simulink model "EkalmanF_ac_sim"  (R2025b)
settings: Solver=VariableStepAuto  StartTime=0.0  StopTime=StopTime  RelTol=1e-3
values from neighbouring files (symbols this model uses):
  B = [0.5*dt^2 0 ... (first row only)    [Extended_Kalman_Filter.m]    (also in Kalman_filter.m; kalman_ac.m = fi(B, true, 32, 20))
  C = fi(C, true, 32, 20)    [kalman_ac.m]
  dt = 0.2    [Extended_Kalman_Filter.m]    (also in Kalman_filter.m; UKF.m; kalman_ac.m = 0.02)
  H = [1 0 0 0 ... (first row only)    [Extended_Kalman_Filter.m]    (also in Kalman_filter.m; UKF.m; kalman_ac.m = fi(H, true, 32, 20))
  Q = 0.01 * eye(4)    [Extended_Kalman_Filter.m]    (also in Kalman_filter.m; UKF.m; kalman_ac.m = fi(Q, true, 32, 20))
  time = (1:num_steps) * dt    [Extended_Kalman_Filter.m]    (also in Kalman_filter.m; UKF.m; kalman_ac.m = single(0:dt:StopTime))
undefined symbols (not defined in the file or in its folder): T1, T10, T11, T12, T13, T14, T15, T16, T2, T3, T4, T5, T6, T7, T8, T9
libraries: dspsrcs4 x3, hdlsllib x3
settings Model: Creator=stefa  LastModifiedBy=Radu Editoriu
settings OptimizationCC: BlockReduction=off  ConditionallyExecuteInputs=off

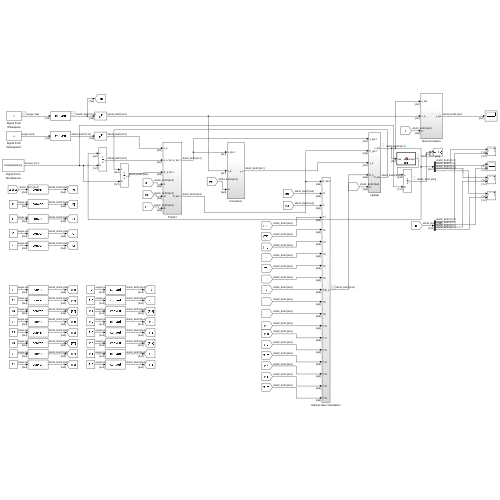
[thumbnail: Simulink's stored preview of the top-level diagram]
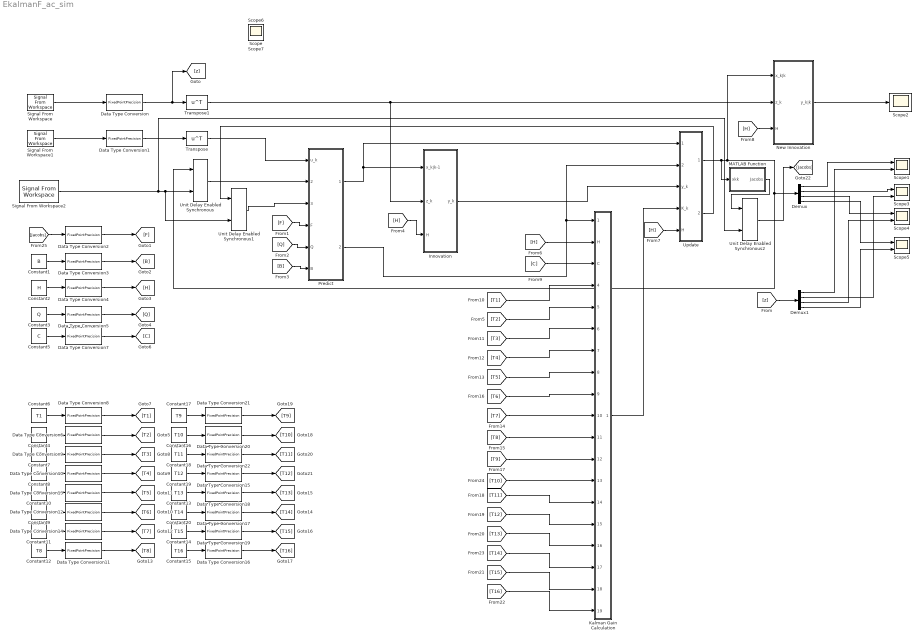
== system EkalmanF_ac_sim ==
  Constant1 : Constant  Value=B
  Constant10 : Constant  Value=T5
  Constant11 : Constant  Value=T7
  Constant12 : Constant  Value=T8
  Constant13 : Constant  Value=T13
  Constant14 : Constant  Value=T15
  Constant15 : Constant  Value=T16
  Constant16 : Constant  Value=T10
  Constant17 : Constant  Value=T9
  Constant18 : Constant  Value=T11
  Constant19 : Constant  Value=T12
  Constant2 : Constant  Value=H
  Constant20 : Constant  Value=T14
  Constant3 : Constant  Value=Q
  Constant4 : Constant  Value=T2
  Constant5 : Constant  Value=C
  Constant6 : Constant  Value=T1
  Constant7 : Constant  Value=T3
  Constant8 : Constant  Value=T4
  Constant9 : Constant  Value=T6
  Data Type Conversion : DataTypeConversion  OutMin=[1e-3]  OutMax=[1000]  OutDataTypeStr=FixedPointPrecision  SaturateOnIntegerOverflow=off  RndMeth=Floor
  Data Type Conversion{1..22} (22 alike) : DataTypeConversion  OutDataTypeStr=FixedPointPrecision  SaturateOnIntegerOverflow=off  RndMeth=Floor
  Demux : Demux
  Demux1 : Demux
  Innovation : Subsystem
  Kalman Gain Calculation : Subsystem
  MATLAB Function : MATLAB Function  TreatAsAtomicUnit=on
  New Innovation : Subsystem
  Predict : Subsystem
  Scope{1,3..5} (4 alike) : Scope  NumInputPorts=2
      Scope1 settings: ActiveDisplayYMinimum=0.82247254545106063  ActiveDisplayYMaximum=3.0989073933185614  DataLoggingSaveFormat=Array
      Scope3 settings: ActiveDisplayYMinimum=-1.2492327051740526  ActiveDisplayYMaximum=3.1864617109082456  DataLoggingVariableName=ScopeData2  DataLoggingSaveFormat=Array
      Scope4 settings: ActiveDisplayYMinimum=-5.84392599463885  ActiveDisplayYMaximum=2.7669674927194179  DataLoggingVariableName=ScopeData3  DataLoggingSaveFormat=Array
      Scope5 settings: ActiveDisplayYMinimum=-5.0260366041316269  ActiveDisplayYMaximum=3.5090934704886196  DataLoggingVariableName=ScopeData4  DataLoggingSaveFormat=Array
  Scope{,2,6..7} (4 alike) : Scope
      Scope2 settings: ActiveDisplayYMinimum=-1.1122805343511448  ActiveDisplayYMaximum=1.0927194656488552  DataLoggingSaveFormat=Array
      Scope settings: ActiveDisplayYMinimum=-9.1353842219735029  ActiveDisplayYMaximum=57.624373102579447  DataLoggingVariableName=ScopeData5
      Scope6 settings: ActiveDisplayYMinimum=-1  ActiveDisplayYMaximum=1  DataLoggingVariableName=ScopeData6
      Scope7 settings: ActiveDisplayYMinimum=-0.035523056983947747  ActiveDisplayYMaximum=0.31970751285552979  DataLoggingVariableName=ScopeData7
  Signal From Workspace : dspsrcs4/Signal From Workspace  X=z  Ts=dt  nsamps=1  OutputAfterFinalValue=Setting to zero  ignoreOrWarnInputAndFrameLengths=off  OutputFrames=off
  Signal From Workspace1 : dspsrcs4/Signal From Workspace  X=u  Ts=dt  nsamps=1  OutputAfterFinalValue=Setting to zero  ignoreOrWarnInputAndFrameLengths=off  OutputFrames=off
  Signal From Workspace2 : dspsrcs4/Signal From Workspace  X=true(size(time))  Ts=dt  nsamps=1  OutputAfterFinalValue=Setting to zero  ignoreOrWarnInputAndFrameLengths=off  OutputFrames=off
  Transpose : Math  Operator=transpose  SignedPower=on  RndMeth=Zero
  Transpose1 : Math  Operator=transpose  SignedPower=on  RndMeth=Zero
  Unit Delay Enabled Synchronous : hdlsllib/Discrete/Unit Delay Enabled Synchronous  InitialCondition=0.0  SampleTime=-1
  Unit Delay Enabled Synchronous1 : hdlsllib/Discrete/Unit Delay Enabled Synchronous  InitialCondition=0.0  SampleTime=-1
  Unit Delay Enabled Synchronous2 : hdlsllib/Discrete/Unit Delay Enabled Synchronous  InitialCondition=0.0  SampleTime=-1
  Update : Subsystem
  wires:
  Signal From Workspace1/1 -> Data Type Conversion1/1
  Signal From Workspace/1 -> Data Type Conversion/1
  Predict/1(x_k|k-1) -> Update/1(x_k|k-1), Innovation/1(x_k|k-1)
  Kalman Gain Calculation/1(K_k) -> Update/4(K_k)
  Innovation/1(y_k) -> Update/3(y_k)
  Update/1(x_k|k) -> MATLAB Function/1(xkk), New Innovation/1(x_k|k), Demux/1, Unit Delay Enabled Synchronous/1
  Update/2(P_k|k) -> Unit Delay Enabled Synchronous1/1
  Predict/2(P_k|k-1) -> Update/2(P_k|k-1), Kalman Gain Calculation/1(P_k|k-1)
  Unit Delay Enabled Synchronous/1 -> Predict/2(x_k-1|k-1)
  Unit Delay Enabled Synchronous1/1 -> Predict/3(P_k-1|k-1)
  Transpose/1 -> Predict/1(u_k)
  New Innovation/1(y_k|k) -> Scope2/1
  Demux/1 -> Scope1/1
  Demux/2 -> Scope3/1
  Demux/3 -> Scope4/1
  Demux/4 -> Scope5/1
  Transpose1/1 -> Innovation/2(z_k), New Innovation/2(z_k)
  [z] -> Demux1/1
  Demux1/1 -> Scope1/2
  Demux1/2 -> Scope3/2
  Demux1/3 -> Scope4/2
  Demux1/4 -> Scope5/2
  Data Type Conversion/1 -> [z], Transpose1/1
  Data Type Conversion1/1 -> Transpose/1
  Signal From Workspace2/1 -> Unit Delay Enabled Synchronous2/2, Unit Delay Enabled Synchronous/2, Unit Delay Enabled Synchronous1/2
  Data Type Conversion2/1 -> [F]
  Data Type Conversion3/1 -> [B]
  Data Type Conversion4/1 -> [H]
  Data Type Conversion5/1 -> [Q]
  Constant1/1 -> Data Type Conversion3/1
  Constant2/1 -> Data Type Conversion4/1
  Constant3/1 -> Data Type Conversion5/1
  [F] -> Predict/4(F)
  [Q] -> Predict/5(Q)
  [B] -> Predict/6(B)
  [H] -> Innovation/3(H)
  [H] -> Kalman Gain Calculation/2(H)
  [H] -> Update/5(H)
  [H] -> New Innovation/3(H)
  Constant5/1 -> Data Type Conversion7/1
  Data Type Conversion7/1 -> [C]
  Constant6/1 -> Data Type Conversion8/1
  Data Type Conversion8/1 -> [T1]
  [C] -> Kalman Gain Calculation/3(C)
  [T1] -> Kalman Gain Calculation/4(T1)
  Constant4/1 -> Data Type Conversion6/1
  Data Type Conversion6/1 -> [T2]
  Data Type Conversion9/1 -> [T3]
  Constant7/1 -> Data Type Conversion9/1
  Constant8/1 -> Data Type Conversion10/1
  Data Type Conversion10/1 -> [T4]
  Data Type Conversion12/1 -> [T6]
  Data Type Conversion11/1 -> [T8]
  Constant12/1 -> Data Type Conversion11/1
  Data Type Conversion14/1 -> [T7]
  Constant10/1 -> Data Type Conversion13/1
  Constant11/1 -> Data Type Conversion14/1
  Data Type Conversion13/1 -> [T5]
  Constant9/1 -> Data Type Conversion12/1
  Constant20/1 -> Data Type Conversion17/1
  Data Type Conversion19/1 -> [T15]
  Constant14/1 -> Data Type Conversion19/1
  Constant13/1 -> Data Type Conversion18/1
  Data Type Conversion16/1 -> [T16]
  Data Type Conversion17/1 -> [T14]
  Data Type Conversion18/1 -> [T13]
  Constant15/1 -> Data Type Conversion16/1
  Data Type Conversion20/1 -> [T10]
  Data Type Conversion15/1 -> [T12]
  Constant19/1 -> Data Type Conversion15/1
  Data Type Conversion22/1 -> [T11]
  Constant17/1 -> Data Type Conversion21/1
  Constant18/1 -> Data Type Conversion22/1
  Data Type Conversion21/1 -> [T9]
  Constant16/1 -> Data Type Conversion20/1
  [T2] -> Kalman Gain Calculation/5(T2)
  [T3] -> Kalman Gain Calculation/6(T3)
  [T4] -> Kalman Gain Calculation/7(T4)
  [T5] -> Kalman Gain Calculation/8(T5)
  [T6] -> Kalman Gain Calculation/9(T6)
  [T7] -> Kalman Gain Calculation/10(T7)
  [T8] -> Kalman Gain Calculation/11(T8)
  [T9] -> Kalman Gain Calculation/12(T9)
  [T10] -> Kalman Gain Calculation/13(T10)
  [T11] -> Kalman Gain Calculation/14(T11)
  [T12] -> Kalman Gain Calculation/15(T12)
  [T13] -> Kalman Gain Calculation/16(T13)
  [T14] -> Kalman Gain Calculation/17(T14)
  [T15] -> Kalman Gain Calculation/18(T15)
  [T16] -> Kalman Gain Calculation/19(T16)
  [Jacobs] -> Data Type Conversion2/1
  MATLAB Function/1(Jacobs) -> Unit Delay Enabled Synchronous2/1
  Unit Delay Enabled Synchronous2/1 -> [Jacobs]

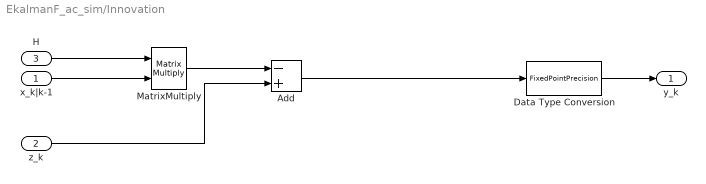
== system EkalmanF_ac_sim/Innovation ==
  x_k|k-1 : Inport
  z_k : Inport  Port=2
  H : Inport  Port=3
  Add : Sum  Inputs=-+
  Data Type Conversion : DataTypeConversion  OutDataTypeStr=FixedPointPrecision  SaturateOnIntegerOverflow=off  RndMeth=Floor
  MatrixMultiply : Product  Multiplication=Matrix(*)
  y_k : Outport
  wires:
  x_k|k-1/1 -> MatrixMultiply/2
  MatrixMultiply/1 -> Add/1
  z_k/1 -> Add/2
  Add/1 -> Data Type Conversion/1
  H/1 -> MatrixMultiply/1
  Data Type Conversion/1 -> y_k/1

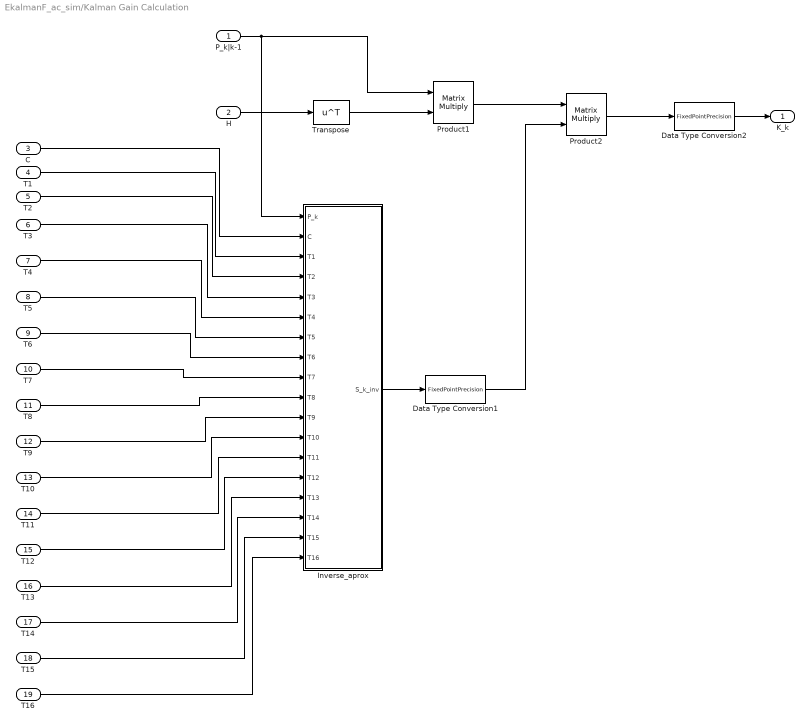
== system EkalmanF_ac_sim/Kalman Gain Calculation ==
  P_k|k-1 : Inport
  H : Inport  Port=2
  C : Inport  Port=3
  T1 : Inport  Port=4
  T2 : Inport  Port=5
  T3 : Inport  Port=6
  T4 : Inport  Port=7
  T5 : Inport  Port=8
  T6 : Inport  Port=9
  T7 : Inport  Port=10
  T8 : Inport  Port=11
  T9 : Inport  Port=12
  T10 : Inport  Port=13
  T11 : Inport  Port=14
  T12 : Inport  Port=15
  T13 : Inport  Port=16
  T14 : Inport  Port=17
  T15 : Inport  Port=18
  T16 : Inport  Port=19
  Data Type Conversion1 : DataTypeConversion  OutDataTypeStr=FixedPointPrecision  SaturateOnIntegerOverflow=off  RndMeth=Floor
  Data Type Conversion2 : DataTypeConversion  OutDataTypeStr=FixedPointPrecision  SaturateOnIntegerOverflow=off  RndMeth=Floor
  Inverse_aprox : MATLAB Function  TreatAsAtomicUnit=on
  Product1 : Product  Multiplication=Matrix(*)
  Product2 : Product  Multiplication=Matrix(*)
  Transpose : Math  Operator=transpose  SignedPower=on  RndMeth=Zero
  K_k : Outport
  wires:
  H/1 -> Transpose/1
  P_k|k-1/1 -> Product1/1, Inverse_aprox/1(P_k)
  Transpose/1 -> Product1/2
  Inverse_aprox/1(S_k_inv) -> Data Type Conversion1/1
  Product2/1 -> Data Type Conversion2/1
  Product1/1 -> Product2/1
  Data Type Conversion1/1 -> Product2/2
  Data Type Conversion2/1 -> K_k/1
  C/1 -> Inverse_aprox/2(C)
  T1/1 -> Inverse_aprox/3(T1)
  T2/1 -> Inverse_aprox/4(T2)
  T3/1 -> Inverse_aprox/5(T3)
  T4/1 -> Inverse_aprox/6(T4)
  T5/1 -> Inverse_aprox/7(T5)
  T6/1 -> Inverse_aprox/8(T6)
  T7/1 -> Inverse_aprox/9(T7)
  T8/1 -> Inverse_aprox/10(T8)
  T9/1 -> Inverse_aprox/11(T9)
  T10/1 -> Inverse_aprox/12(T10)
  T11/1 -> Inverse_aprox/13(T11)
  T12/1 -> Inverse_aprox/14(T12)
  T13/1 -> Inverse_aprox/15(T13)
  T14/1 -> Inverse_aprox/16(T14)
  T15/1 -> Inverse_aprox/17(T15)
  T16/1 -> Inverse_aprox/18(T16)

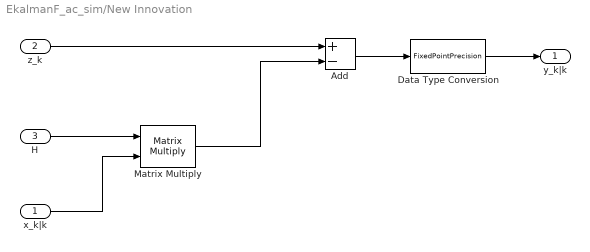
== system EkalmanF_ac_sim/New Innovation ==
  x_k|k : Inport
  z_k : Inport  Port=2
  H : Inport  Port=3
  Add : Sum  Inputs=+-
  Data Type Conversion : DataTypeConversion  OutDataTypeStr=FixedPointPrecision  SaturateOnIntegerOverflow=off  RndMeth=Floor
  Matrix Multiply : Product  Multiplication=Matrix(*)
  y_k|k : Outport
  wires:
  z_k/1 -> Add/1
  H/1 -> Matrix Multiply/1
  x_k|k/1 -> Matrix Multiply/2
  Matrix Multiply/1 -> Add/2
  Add/1 -> Data Type Conversion/1
  Data Type Conversion/1 -> y_k|k/1

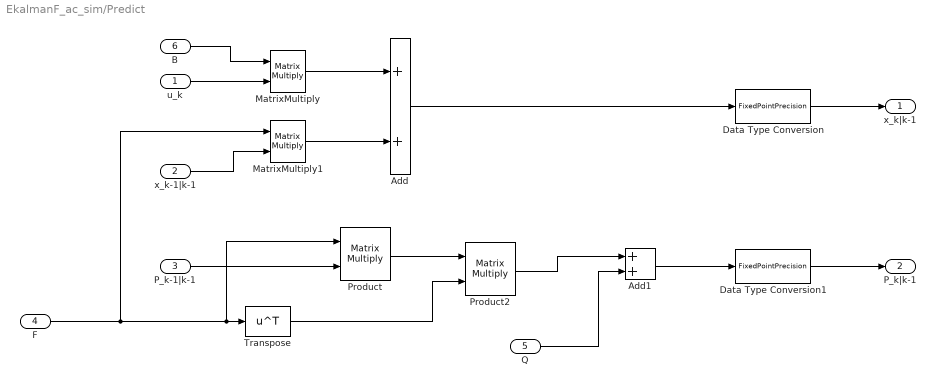
== system EkalmanF_ac_sim/Predict ==
  u_k : Inport
  x_k-1|k-1 : Inport  Port=2
  P_k-1|k-1 : Inport  Port=3
  F : Inport  Port=4
  Q : Inport  Port=5
  B : Inport  Port=6
  Add : Sum
  Add1 : Sum
  Data Type Conversion : DataTypeConversion  OutDataTypeStr=FixedPointPrecision  SaturateOnIntegerOverflow=off  RndMeth=Floor
  Data Type Conversion1 : DataTypeConversion  OutDataTypeStr=FixedPointPrecision  SaturateOnIntegerOverflow=off  RndMeth=Floor
  MatrixMultiply : Product  Multiplication=Matrix(*)
  MatrixMultiply1 : Product  Multiplication=Matrix(*)
  Product : Product  Multiplication=Matrix(*)
  Product2 : Product  Multiplication=Matrix(*)
  Transpose : Math  Operator=transpose  SignedPower=on  RndMeth=Zero
  x_k|k-1 : Outport
  P_k|k-1 : Outport  Port=2
  wires:
  x_k-1|k-1/1 -> MatrixMultiply1/2
  Add/1 -> Data Type Conversion/1
  MatrixMultiply1/1 -> Add/2
  MatrixMultiply/1 -> Add/1
  P_k-1|k-1/1 -> Product/2
  Q/1 -> Add1/2
  Add1/1 -> Data Type Conversion1/1
  Product2/1 -> Add1/1
  Product/1 -> Product2/1
  Transpose/1 -> Product2/2
  B/1 -> MatrixMultiply/1
  F/1 -> MatrixMultiply1/1, Transpose/1, Product/1
  Data Type Conversion/1 -> x_k|k-1/1
  Data Type Conversion1/1 -> P_k|k-1/1
  u_k/1 -> MatrixMultiply/2

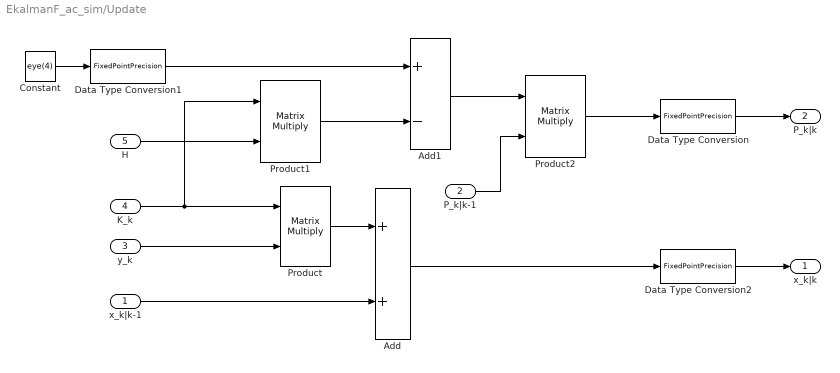
== system EkalmanF_ac_sim/Update ==
  x_k|k-1 : Inport
  P_k|k-1 : Inport  Port=2
  y_k : Inport  Port=3
  K_k : Inport  Port=4
  H : Inport  Port=5
  Add : Sum
  Add1 : Sum  Inputs=+-
  Constant : Constant  Value=eye(4)
  Data Type Conversion : DataTypeConversion  OutDataTypeStr=FixedPointPrecision  SaturateOnIntegerOverflow=off  RndMeth=Floor
  Data Type Conversion1 : DataTypeConversion  OutDataTypeStr=FixedPointPrecision  SaturateOnIntegerOverflow=off  RndMeth=Floor
  Data Type Conversion2 : DataTypeConversion  OutDataTypeStr=FixedPointPrecision  SaturateOnIntegerOverflow=off  RndMeth=Floor
  Product : Product  Multiplication=Matrix(*)
  Product1 : Product  Multiplication=Matrix(*)
  Product2 : Product  Multiplication=Matrix(*)
  x_k|k : Outport
  P_k|k : Outport  Port=2
  wires:
  K_k/1 -> Product1/1, Product/1
  y_k/1 -> Product/2
  Product/1 -> Add/1
  x_k|k-1/1 -> Add/2
  Add/1 -> Data Type Conversion2/1
  H/1 -> Product1/2
  Product1/1 -> Add1/2
  Constant/1 -> Data Type Conversion1/1
  P_k|k-1/1 -> Product2/2
  Add1/1 -> Product2/1
  Product2/1 -> Data Type Conversion/1
  Data Type Conversion1/1 -> Add1/1
  Data Type Conversion/1 -> P_k|k/1
  Data Type Conversion2/1 -> x_k|k/1

== matlab function EkalmanF_ac_sim/MATLAB Function ==
  data: xkk input; Jacobs output
function Jacobs = fcn(xkk)
%#codegen

Jacobs = [1 + 0.3*cos(xkk(1)), 0, 0.02, 0;
          0, 1 + 0.3*cos(xkk(2)), 0, 0.02;
          0, 0, 1, 0;
          0, 0, 0, 1];
end

== matlab function EkalmanF_ac_sim/Kalman Gain Calculation/Inverse_aprox ==
  data: S_k_inv output; P_k input; C input; T1 input; T2 input; T3 input; T4 input; T5 input; T6 input; T7 input; T8 input; T9 input; T10 input; T11 input; T12 input; T13 input; T14 input; T15 input; T16 input
function S_k_inv = inverse_aprox(P_k, C, T1, T2, T3, T4, T5, T6, T7, T8, T9, T10, T11, T12, T13, T14, T15, T16)
    Z = P_k - fi(eye(4),true, 66, 40);
    sum = fi(zeros(4,4),true, 66, 40);
    sum = sum + T1*Z(1,1);
    sum = sum + T2*Z(1,2);
    sum = sum + T3*Z(1,3);
    sum = sum + T4*Z(1,4);
    sum = sum + T5*Z(2,1);
    sum = sum + T6*Z(2,2);
    sum = sum + T7*Z(2,3);
    sum = sum + T8*Z(2,4);
    sum = sum + T9*Z(3,1);
    sum = sum + T10*Z(3,2);
    sum = sum + T11*Z(3,3);
    sum = sum + T12*Z(3,4);
    sum = sum + T13*Z(4,1);
    sum = sum + T14*Z(4,2);
    sum = sum + T15*Z(4,3);
    sum = sum + T16*Z(4,4);    
    S_k_inv = C - fi(sum, true, 32, 20);
end

——

### [Aim of the exercise]
Within the listing above, extract exactly the lines from the line with "Data Type Conversion17/1 -> [T14]" to the line with "[T11] -> Kalman Gain Calculation/14(T11)", the two named lines included, and no others.

### [Output]
  Data Type Conversion17/1 -> [T14]
  Data Type Conversion18/1 -> [T13]
  Constant15/1 -> Data Type Conversion16/1
  Data Type Conversion20/1 -> [T10]
  Data Type Conversion15/1 -> [T12]
  Constant19/1 -> Data Type Conversion15/1
  Data Type Conversion22/1 -> [T11]
  Constant17/1 -> Data Type Conversion21/1
  Constant18/1 -> Data Type Conversion22/1
  Data Type Conversion21/1 -> [T9]
  Constant16/1 -> Data Type Conversion20/1
  [T2] -> Kalman Gain Calculation/5(T2)
  [T3] -> Kalman Gain Calculation/6(T3)
  [T4] -> Kalman Gain Calculation/7(T4)
  [T5] -> Kalman Gain Calculation/8(T5)
  [T6] -> Kalman Gain Calculation/9(T6)
  [T7] -> Kalman Gain Calculation/10(T7)
  [T8] -> Kalman Gain Calculation/11(T8)
  [T9] -> Kalman Gain Calculation/12(T9)
  [T10] -> Kalman Gain Calculation/13(T10)
  [T11] -> Kalman Gain Calculation/14(T11)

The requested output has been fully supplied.